迷子少年の初めて④

 ナウさんという“ヒト”は。


 ママと似てるって訳でもなく、ミライおばあちゃんみたいに歳をとってるって訳でもなく、カコおばあちゃんみたいに不思議な感じがする訳でもない。


 でも…。


「クロユキくんって言うんだね?そっか迷子なんだ… 僕がナウだよ?よろしくね?」


 なんかお姉さんって感じで、少し緊張してしまった。











 ナウはいろいろ突っ込んで聞きたい部分はあったものの、とにかく迷子のクロユキのため尽力を尽くすことを誓った。

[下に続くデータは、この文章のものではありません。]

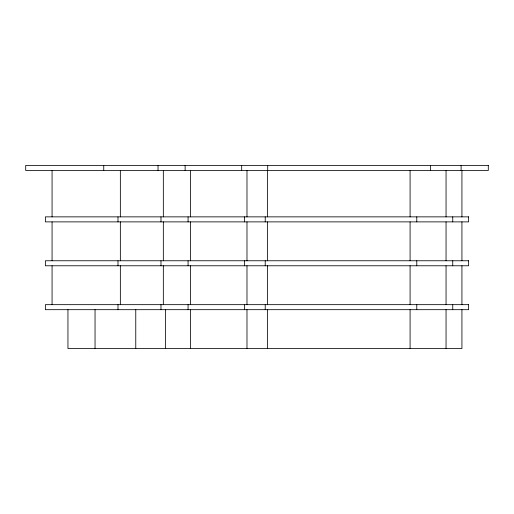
<?xml version="1.0" encoding="UTF-8"?>
<svg xmlns="http://www.w3.org/2000/svg" width="514" height="514" viewBox="0 0 514 514"><rect width="100%" height="100%" fill="white"/><g stroke="black" fill="none" stroke-linecap="round" stroke-linejoin="round"><path stroke-width="0.77" d="M461.932 170.462L461.932 216.863M461.932 221.881L461.932 260.765M461.932 265.777L461.932 304.661M461.932 309.679L461.932 348.556L67.951 348.556L67.951 309.679M461.109 165.444L461.109 170.462M452.744 216.863L452.744 221.881M452.744 260.765L452.744 265.777M452.744 304.661L452.744 309.679M446.049 170.462L446.049 216.863M446.049 221.881L446.049 260.765M446.049 265.777L446.049 304.661M446.049 309.679L446.049 348.556M430.571 165.444L430.571 170.462M416.783 216.863L416.783 221.881M416.783 260.765L416.783 265.777M416.783 304.661L416.783 309.679M410.088 170.462L410.088 216.863M410.088 221.881L410.088 260.765M410.088 265.777L410.088 304.661M410.088 309.679L410.088 348.556M267.698 165.444L267.698 170.462M267.576 170.462L267.576 216.863M267.576 221.881L267.576 260.765M267.576 265.777L267.576 304.661M267.576 309.679L267.576 348.556M265.224 216.863L265.224 221.881M265.224 260.765L265.224 265.777M265.224 304.661L265.224 309.679M246.983 170.462L246.983 216.863M246.983 221.881L246.983 260.765M246.983 265.777L246.983 304.661M246.983 309.679L246.983 348.556M244.625 216.863L244.625 221.881M244.625 260.765L244.625 265.777M244.625 304.661L244.625 309.679M241.683 165.444L241.683 170.462M190.431 170.462L190.431 216.863M190.431 221.881L190.431 260.765M190.431 265.777L190.431 304.661M190.431 309.679L190.431 348.556M188.073 216.863L188.073 221.881M188.073 260.765L188.073 265.777M188.073 304.661L188.073 309.679M185.13 165.444L185.13 170.462M165.502 309.679L165.502 348.556M163.336 170.462L163.336 216.863M163.336 221.881L163.336 260.765M163.336 265.777L163.336 304.661M160.978 216.863L160.978 221.881M160.978 260.765L160.978 265.777M160.978 304.661L160.978 309.679M158.029 165.444L158.029 170.462M135.767 309.679L135.767 348.556M120.353 170.462L120.353 216.863M120.353 221.881L120.353 260.765M120.353 265.777L120.353 304.661M117.995 216.863L117.995 221.881M117.995 260.765L117.995 265.777M117.995 304.661L117.995 309.679M103.744 165.444L103.744 170.462M95.045 309.679L95.045 348.556M52.068 170.462L52.068 216.863M52.068 221.881L52.068 260.765M52.068 265.777L52.068 304.661M488.3 165.444L25.7 165.444L25.7 170.462L488.3 170.462L488.3 165.444M468.627 216.863L45.373 216.863L45.373 221.881L468.627 221.881L468.627 216.863M468.627 260.765L45.373 260.765L45.373 265.777L468.627 265.777L468.627 260.765M468.627 304.661L45.373 304.661L45.373 309.679L468.627 309.679L468.627 304.661"/></g></svg>
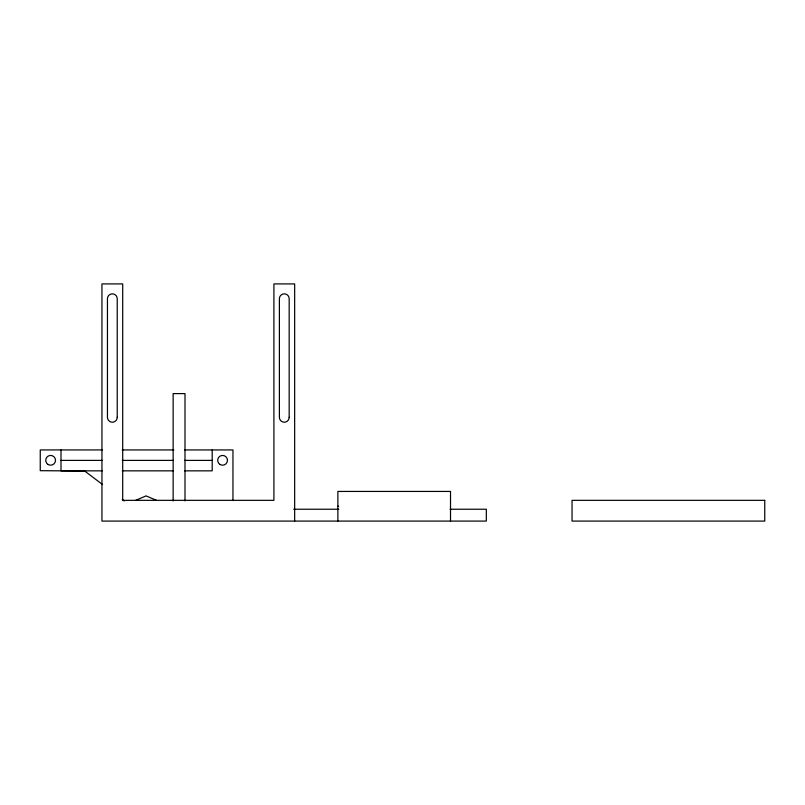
<?xml version="1.0" encoding="UTF-8"?>
<svg xmlns="http://www.w3.org/2000/svg" width="805" height="805" viewBox="0 0 805 805"><rect width="100%" height="100%" fill="white"/><g stroke="black" fill="none" stroke-linecap="round" stroke-linejoin="round"><path stroke-width="1.21" d="M135.703 500.338L146.077 495.89L156.452 500.338M102.235 449.935L40.25 449.935L40.25 470.684L84.716 471.026L102.507 484.509M122.229 449.935L173.88 449.935M184.707 449.935L232.957 449.935L232.957 500.579M60.999 460.39L102.235 460.39M122.229 460.39L173.467 460.39M184.707 460.39L212.198 460.39M102.235 470.845L60.999 470.845L60.999 449.935M122.229 470.845L173.467 470.845M184.707 470.845L212.198 470.845L212.198 449.935M337.869 506.265L338.674 506.265M293.704 509.233L338.784 509.233M450.055 509.233L486.331 509.233L486.331 521.087L101.953 521.087L101.953 283.913L122.712 283.913L122.712 500.338L273.911 500.338L273.911 283.913L294.66 283.913L294.66 521.087M122.269 499.492L124.252 500.992M450.518 521.087L450.518 491.442L337.869 491.442L337.869 521.087M184.999 500.962L184.999 393.605L173.145 393.605L173.145 500.962M764.75 500.338L572.043 500.338L572.043 521.087L764.75 521.087L764.75 500.338M289.176 417.322L289.176 298.736A4.89 4.89 0 0 0 284.286 293.845A4.89 4.89 0 0 0 279.395 298.736L279.395 417.322A4.89 4.89 0 0 0 284.286 422.212A4.89 4.89 0 0 0 289.176 417.322M117.228 417.322L117.228 298.736A4.89 4.89 0 0 0 112.338 293.845A4.89 4.89 0 0 0 107.447 298.736L107.447 417.322A4.89 4.89 0 0 0 112.338 422.212A4.89 4.89 0 0 0 117.228 417.322M220.137 464.545A4.89 4.89 0 0 0 227.473 460.309A4.89 4.89 0 0 0 220.137 456.073A4.89 4.89 0 0 0 220.137 464.545M48.179 464.545A4.89 4.89 0 0 0 55.515 460.309A4.89 4.89 0 0 0 48.179 456.073A4.89 4.89 0 0 0 48.179 464.545"/></g></svg>

「こういう時は迷子センターなんたけど、どうやら君は訳ありのようだね?」


「ナウさんならなんとかなると思って探していたんです、どうですか?」


「さっきまで何度も泣いていた、こう見えて無理してると思うんだ… 頼むナウ」


 彼女はこの時クロユキの事情を瞬時に理解したという訳ではない、だがナウは彼が普通の迷子でないことはわかっている。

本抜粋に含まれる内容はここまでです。